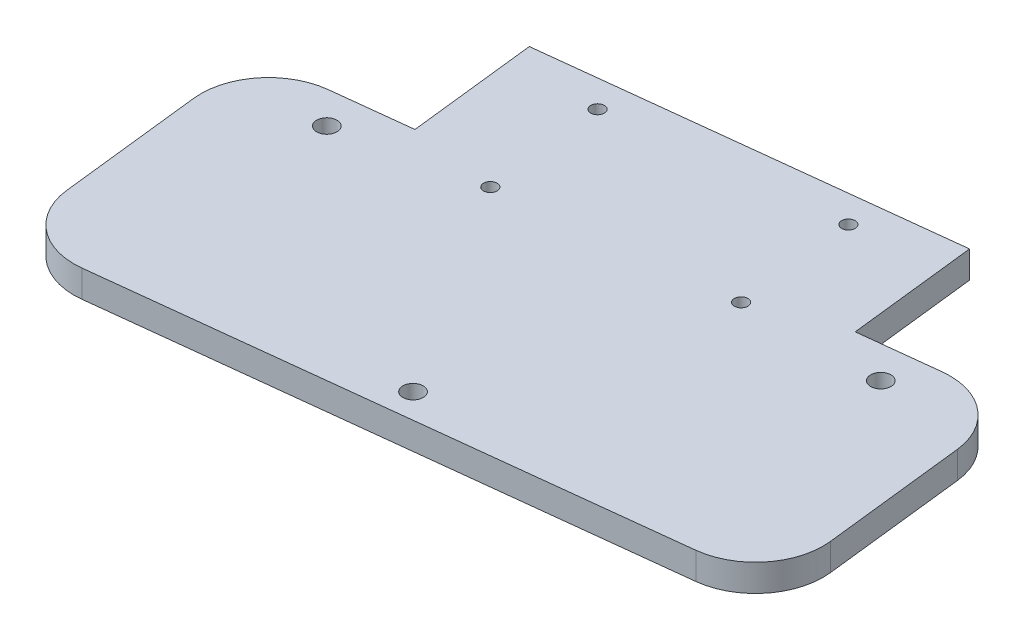
ISO-10303-21;
HEADER;
FILE_DESCRIPTION(('STEP AP214'),'2;1');
FILE_NAME('part.step','',(''),(''),'','','');
FILE_SCHEMA(('AUTOMOTIVE_DESIGN { 1 0 10303 214 1 1 1 1 }'));
ENDSEC;
DATA;
#1=APPLICATION_CONTEXT('core data for automotive mechanical design processes');
#2=APPLICATION_PROTOCOL_DEFINITION('international standard','automotive_design',2000,#1);
#3=PRODUCT_CONTEXT('',#1,'mechanical');
#4=PRODUCT('Part','Part','',(#3));
#5=PRODUCT_RELATED_PRODUCT_CATEGORY('part','',(#4));
#6=PRODUCT_DEFINITION_FORMATION('','',#4);
#7=PRODUCT_DEFINITION_CONTEXT('part definition',#1,'design');
#8=PRODUCT_DEFINITION('design','',#6,#7);
#9=PRODUCT_DEFINITION_SHAPE('','',#8);
#10=(LENGTH_UNIT() NAMED_UNIT(*) SI_UNIT(.MILLI.,.METRE.));
#11=(NAMED_UNIT(*) PLANE_ANGLE_UNIT() SI_UNIT($,.RADIAN.));
#12=(NAMED_UNIT(*) SI_UNIT($,.STERADIAN.) SOLID_ANGLE_UNIT());
#13=UNCERTAINTY_MEASURE_WITH_UNIT(LENGTH_MEASURE(1.E-05),#10,'distance_accuracy_value','');
#14=(GEOMETRIC_REPRESENTATION_CONTEXT(3) GLOBAL_UNCERTAINTY_ASSIGNED_CONTEXT((#13)) GLOBAL_UNIT_ASSIGNED_CONTEXT((#10,
#11,#12)) REPRESENTATION_CONTEXT('',''));
#15=CARTESIAN_POINT('',(0.,0.,0.));
#16=DIRECTION('',(0.,0.,1.));
#17=DIRECTION('',(1.,0.,0.));
#18=AXIS2_PLACEMENT_3D('',#15,#16,#17);
#19=CARTESIAN_POINT('',(0.,4.,0.));
#20=DIRECTION('',(0.,-1.,0.));
#21=DIRECTION('',(0.,0.,-1.));
#22=AXIS2_PLACEMENT_3D('',#19,#20,#21);
#23=PLANE('',#22);
#24=DIRECTION('',(-0.993623352764833,0.,0.112750311930262));
#25=VECTOR('',#24,1.);
#26=CARTESIAN_POINT('',(-43.5958037661953,4.,205.807188303606));
#27=LINE('',#26,#25);
#28=CARTESIAN_POINT('',(-22.1351096812922,4.,203.37195975792));
#29=VERTEX_POINT('',#28);
#30=CARTESIAN_POINT('',(-33.6595702385469,4.,204.679685184303));
#31=VERTEX_POINT('',#30);
#32=EDGE_CURVE('E156',#29,#31,#27,.T.);
#33=ORIENTED_EDGE('',*,*,#32,.T.);
#34=CARTESIAN_POINT('',(-32.5320671192443,4.,214.615918711952));
#35=DIRECTION('',(0.,-1.,0.));
#36=DIRECTION('',(0.,0.,-1.));
#37=AXIS2_PLACEMENT_3D('',#34,#35,#36);
#38=CIRCLE('',#37,10.);
#39=CARTESIAN_POINT('',(-42.4683006468926,4.,215.743421831254));
#40=VERTEX_POINT('',#39);
#41=EDGE_CURVE('E11',#31,#40,#38,.F.);
#42=ORIENTED_EDGE('',*,*,#41,.T.);
#43=DIRECTION('',(0.112750311930262,0.,0.993623352764833));
#44=VECTOR('',#43,1.);
#45=CARTESIAN_POINT('',(-38.93970222805,4.,246.839546812795));
#46=LINE('',#45,#44);
#47=CARTESIAN_POINT('',(-40.0672053473526,4.,236.903313285147));
#48=VERTEX_POINT('',#47);
#49=EDGE_CURVE('E177',#40,#48,#46,.T.);
#50=ORIENTED_EDGE('',*,*,#49,.T.);
#51=CARTESIAN_POINT('',(-30.1309718197043,4.,235.775810165844));
#52=DIRECTION('',(0.,-1.,0.));
#53=DIRECTION('',(0.,0.,-1.));
#54=AXIS2_PLACEMENT_3D('',#51,#52,#53);
#55=CIRCLE('',#54,10.);
#56=CARTESIAN_POINT('',(-29.0034687004016,4.,245.712043693493));
#57=VERTEX_POINT('',#56);
#58=EDGE_CURVE('E192',#48,#57,#55,.F.);
#59=ORIENTED_EDGE('',*,*,#58,.T.);
#60=DIRECTION('',(0.993623352764833,0.,-0.112750311930262));
#61=VECTOR('',#60,1.);
#62=CARTESIAN_POINT('',(62.4098797539631,4.,235.339014995908));
#63=LINE('',#62,#61);
#64=CARTESIAN_POINT('',(52.4736462263148,4.,236.466518115211));
#65=VERTEX_POINT('',#64);
#66=EDGE_CURVE('E229',#57,#65,#63,.T.);
#67=ORIENTED_EDGE('',*,*,#66,.T.);
#68=CARTESIAN_POINT('',(51.3461431070122,4.,226.530284587563));
#69=DIRECTION('',(0.,-1.,0.));
#70=DIRECTION('',(0.,0.,-1.));
#71=AXIS2_PLACEMENT_3D('',#68,#69,#70);
#72=CIRCLE('',#71,10.);
#73=CARTESIAN_POINT('',(61.2823766346605,4.,225.40278146826));
#74=VERTEX_POINT('',#73);
#75=EDGE_CURVE('E201',#65,#74,#72,.F.);
#76=ORIENTED_EDGE('',*,*,#75,.T.);
#77=DIRECTION('',(-0.112750311930261,0.,-0.993623352764834));
#78=VECTOR('',#77,1.);
#79=CARTESIAN_POINT('',(57.7537782158178,4.,194.306656486719));
#80=LINE('',#79,#78);
#81=CARTESIAN_POINT('',(58.8812813351205,4.,204.242890014368));
#82=VERTEX_POINT('',#81);
#83=EDGE_CURVE('E134',#74,#82,#80,.T.);
#84=ORIENTED_EDGE('',*,*,#83,.T.);
#85=CARTESIAN_POINT('',(48.9450478074721,4.,205.37039313367));
#86=DIRECTION('',(0.,-1.,0.));
#87=DIRECTION('',(0.,0.,-1.));
#88=AXIS2_PLACEMENT_3D('',#85,#86,#87);
#89=CIRCLE('',#88,10.);
#90=CARTESIAN_POINT('',(47.8175446881695,4.,195.434159606022));
#91=VERTEX_POINT('',#90);
#92=EDGE_CURVE('E130',#82,#91,#89,.F.);
#93=ORIENTED_EDGE('',*,*,#92,.T.);
#94=DIRECTION('',(-0.993623352764833,0.,0.112750311930262));
#95=VECTOR('',#94,1.);
#96=CARTESIAN_POINT('',(36.2930841309148,4.,196.741885032405));
#97=LINE('',#96,#95);
#98=CARTESIAN_POINT('',(36.2930841309148,4.,196.741885032405));
#99=VERTEX_POINT('',#98);
#100=EDGE_CURVE('E122',#91,#99,#97,.T.);
#101=ORIENTED_EDGE('',*,*,#100,.T.);
#102=DIRECTION('',(-0.112750311930261,0.,-0.993623352764833));
#103=VECTOR('',#102,1.);
#104=CARTESIAN_POINT('',(34.1301854770655,4.,177.681125240826));
#105=LINE('',#104,#103);
#106=CARTESIAN_POINT('',(34.1301854770655,4.,177.681125240826));
#107=VERTEX_POINT('',#106);
#108=EDGE_CURVE('E126',#99,#107,#105,.T.);
#109=ORIENTED_EDGE('',*,*,#108,.T.);
#110=DIRECTION('',(-0.993623352764833,0.,0.112750311930262));
#111=VECTOR('',#110,1.);
#112=CARTESIAN_POINT('',(-24.2980083351415,4.,184.311199966341));
#113=LINE('',#112,#111);
#114=CARTESIAN_POINT('',(-24.2980083351415,4.,184.311199966341));
#115=VERTEX_POINT('',#114);
#116=EDGE_CURVE('E149',#107,#115,#113,.T.);
#117=ORIENTED_EDGE('',*,*,#116,.T.);
#118=DIRECTION('',(0.112750311930262,0.,0.993623352764834));
#119=VECTOR('',#118,1.);
#120=CARTESIAN_POINT('',(-22.1351096812922,4.,203.37195975792));
#121=LINE('',#120,#119);
#122=EDGE_CURVE('E151',#115,#29,#121,.T.);
#123=ORIENTED_EDGE('',*,*,#122,.T.);
#124=EDGE_LOOP('',(#33,#42,#50,#59,#67,#76,#84,#93,#101,#109,#117,#123));
#125=FACE_BOUND('',#124,.T.);
#126=CARTESIAN_POINT('',(-29.0931407132156,4.,209.44517989492));
#127=DIRECTION('',(0.,1.,0.));
#128=DIRECTION('',(0.,0.,1.));
#129=AXIS2_PLACEMENT_3D('',#126,#127,#128);
#130=CIRCLE('',#129,1.5);
#131=CARTESIAN_POINT('',(-29.0931407132156,4.,210.94517989492));
#132=VERTEX_POINT('',#131);
#133=EDGE_CURVE('E162',#132,#132,#130,.T.);
#134=ORIENTED_EDGE('',*,*,#133,.F.);
#135=EDGE_LOOP('',(#134));
#136=FACE_BOUND('',#135,.T.);
#137=CARTESIAN_POINT('',(44.4349873913821,4.,201.101656812081));
#138=DIRECTION('',(0.,1.,0.));
#139=DIRECTION('',(0.,0.,-1.));
#140=AXIS2_PLACEMENT_3D('',#137,#138,#139);
#141=CIRCLE('',#140,1.5);
#142=CARTESIAN_POINT('',(44.4349873913821,4.,199.601656812081));
#143=VERTEX_POINT('',#142);
#144=EDGE_CURVE('E240',#143,#143,#141,.T.);
#145=ORIENTED_EDGE('',*,*,#144,.F.);
#146=EDGE_LOOP('',(#145));
#147=FACE_BOUND('',#146,.T.);
#148=CARTESIAN_POINT('',(11.2789333208517,4.,237.069365641975));
#149=DIRECTION('',(0.,1.,0.));
#150=DIRECTION('',(0.,0.,1.));
#151=AXIS2_PLACEMENT_3D('',#148,#149,#150);
#152=CIRCLE('',#151,1.5);
#153=CARTESIAN_POINT('',(11.2789333208517,4.,238.569365641975));
#154=VERTEX_POINT('',#153);
#155=EDGE_CURVE('E246',#154,#154,#152,.T.);
#156=ORIENTED_EDGE('',*,*,#155,.F.);
#157=EDGE_LOOP('',(#156));
#158=FACE_BOUND('',#157,.T.);
#159=CARTESIAN_POINT('',(-9.19776844358822,4.,205.174739372802));
#160=DIRECTION('',(0.,1.,0.));
#161=DIRECTION('',(0.,0.,1.));
#162=AXIS2_PLACEMENT_3D('',#159,#160,#161);
#163=CIRCLE('',#162,1.);
#164=CARTESIAN_POINT('',(-9.19776844358822,4.,206.174739372802));
#165=VERTEX_POINT('',#164);
#166=EDGE_CURVE('E252',#165,#165,#163,.T.);
#167=ORIENTED_EDGE('',*,*,#166,.F.);
#168=EDGE_LOOP('',(#167));
#169=FACE_BOUND('',#168,.T.);
#170=CARTESIAN_POINT('',(-11.2267660300873,4.,187.293996072545));
#171=DIRECTION('',(0.,1.,0.));
#172=DIRECTION('',(0.,0.,1.));
#173=AXIS2_PLACEMENT_3D('',#170,#171,#172);
#174=CIRCLE('',#173,1.);
#175=CARTESIAN_POINT('',(-11.2267660300873,4.,188.293996072545));
#176=VERTEX_POINT('',#175);
#177=EDGE_CURVE('E258',#176,#176,#174,.T.);
#178=ORIENTED_EDGE('',*,*,#177,.F.);
#179=EDGE_LOOP('',(#178));
#180=FACE_BOUND('',#179,.T.);
#181=CARTESIAN_POINT('',(22.0596162875347,4.,183.516860622882));
#182=DIRECTION('',(0.,1.,0.));
#183=DIRECTION('',(0.,0.,1.));
#184=AXIS2_PLACEMENT_3D('',#181,#182,#183);
#185=CIRCLE('',#184,0.999999999999992);
#186=CARTESIAN_POINT('',(22.0596162875347,4.,184.516860622882));
#187=VERTEX_POINT('',#186);
#188=EDGE_CURVE('E264',#187,#187,#185,.T.);
#189=ORIENTED_EDGE('',*,*,#188,.F.);
#190=EDGE_LOOP('',(#189));
#191=FACE_BOUND('',#190,.T.);
#192=CARTESIAN_POINT('',(24.0886138740337,4.,201.397603923139));
#193=DIRECTION('',(0.,1.,0.));
#194=DIRECTION('',(0.,0.,1.));
#195=AXIS2_PLACEMENT_3D('',#192,#193,#194);
#196=CIRCLE('',#195,0.999999999999992);
#197=CARTESIAN_POINT('',(24.0886138740337,4.,202.397603923139));
#198=VERTEX_POINT('',#197);
#199=EDGE_CURVE('E270',#198,#198,#196,.T.);
#200=ORIENTED_EDGE('',*,*,#199,.F.);
#201=EDGE_LOOP('',(#200));
#202=FACE_BOUND('',#201,.T.);
#203=ADVANCED_FACE('F34',(#125,#136,#147,#158,#169,#180,#191,#202),#23,.F.);
#204=CARTESIAN_POINT('',(0.,0.,0.));
#205=DIRECTION('',(0.,-1.,0.));
#206=DIRECTION('',(0.,0.,-1.));
#207=AXIS2_PLACEMENT_3D('',#204,#205,#206);
#208=PLANE('',#207);
#209=CARTESIAN_POINT('',(22.0596162875347,0.,183.516860622882));
#210=DIRECTION('',(0.,1.,0.));
#211=DIRECTION('',(0.,0.,1.));
#212=AXIS2_PLACEMENT_3D('',#209,#210,#211);
#213=CIRCLE('',#212,0.999999999999992);
#214=CARTESIAN_POINT('',(22.0596162875347,0.,184.516860622882));
#215=VERTEX_POINT('',#214);
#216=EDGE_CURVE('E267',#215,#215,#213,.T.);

▸ **TASK REQUIREMENTS**: From the material above, copy exactly the lines between the line holding "#171=DIRECTION('',(0.,1.,0.));" and the line holding "#185=CIRCLE('',#184,0.999999999999992);", inclusive, and only those.

▸ **ANSWER TO THE PROBLEM**:
#171=DIRECTION('',(0.,1.,0.));
#172=DIRECTION('',(0.,0.,1.));
#173=AXIS2_PLACEMENT_3D('',#170,#171,#172);
#174=CIRCLE('',#173,1.);
#175=CARTESIAN_POINT('',(-11.2267660300873,4.,188.293996072545));
#176=VERTEX_POINT('',#175);
#177=EDGE_CURVE('E258',#176,#176,#174,.T.);
#178=ORIENTED_EDGE('',*,*,#177,.F.);
#179=EDGE_LOOP('',(#178));
#180=FACE_BOUND('',#179,.T.);
#181=CARTESIAN_POINT('',(22.0596162875347,4.,183.516860622882));
#182=DIRECTION('',(0.,1.,0.));
#183=DIRECTION('',(0.,0.,1.));
#184=AXIS2_PLACEMENT_3D('',#181,#182,#183);
#185=CIRCLE('',#184,0.999999999999992);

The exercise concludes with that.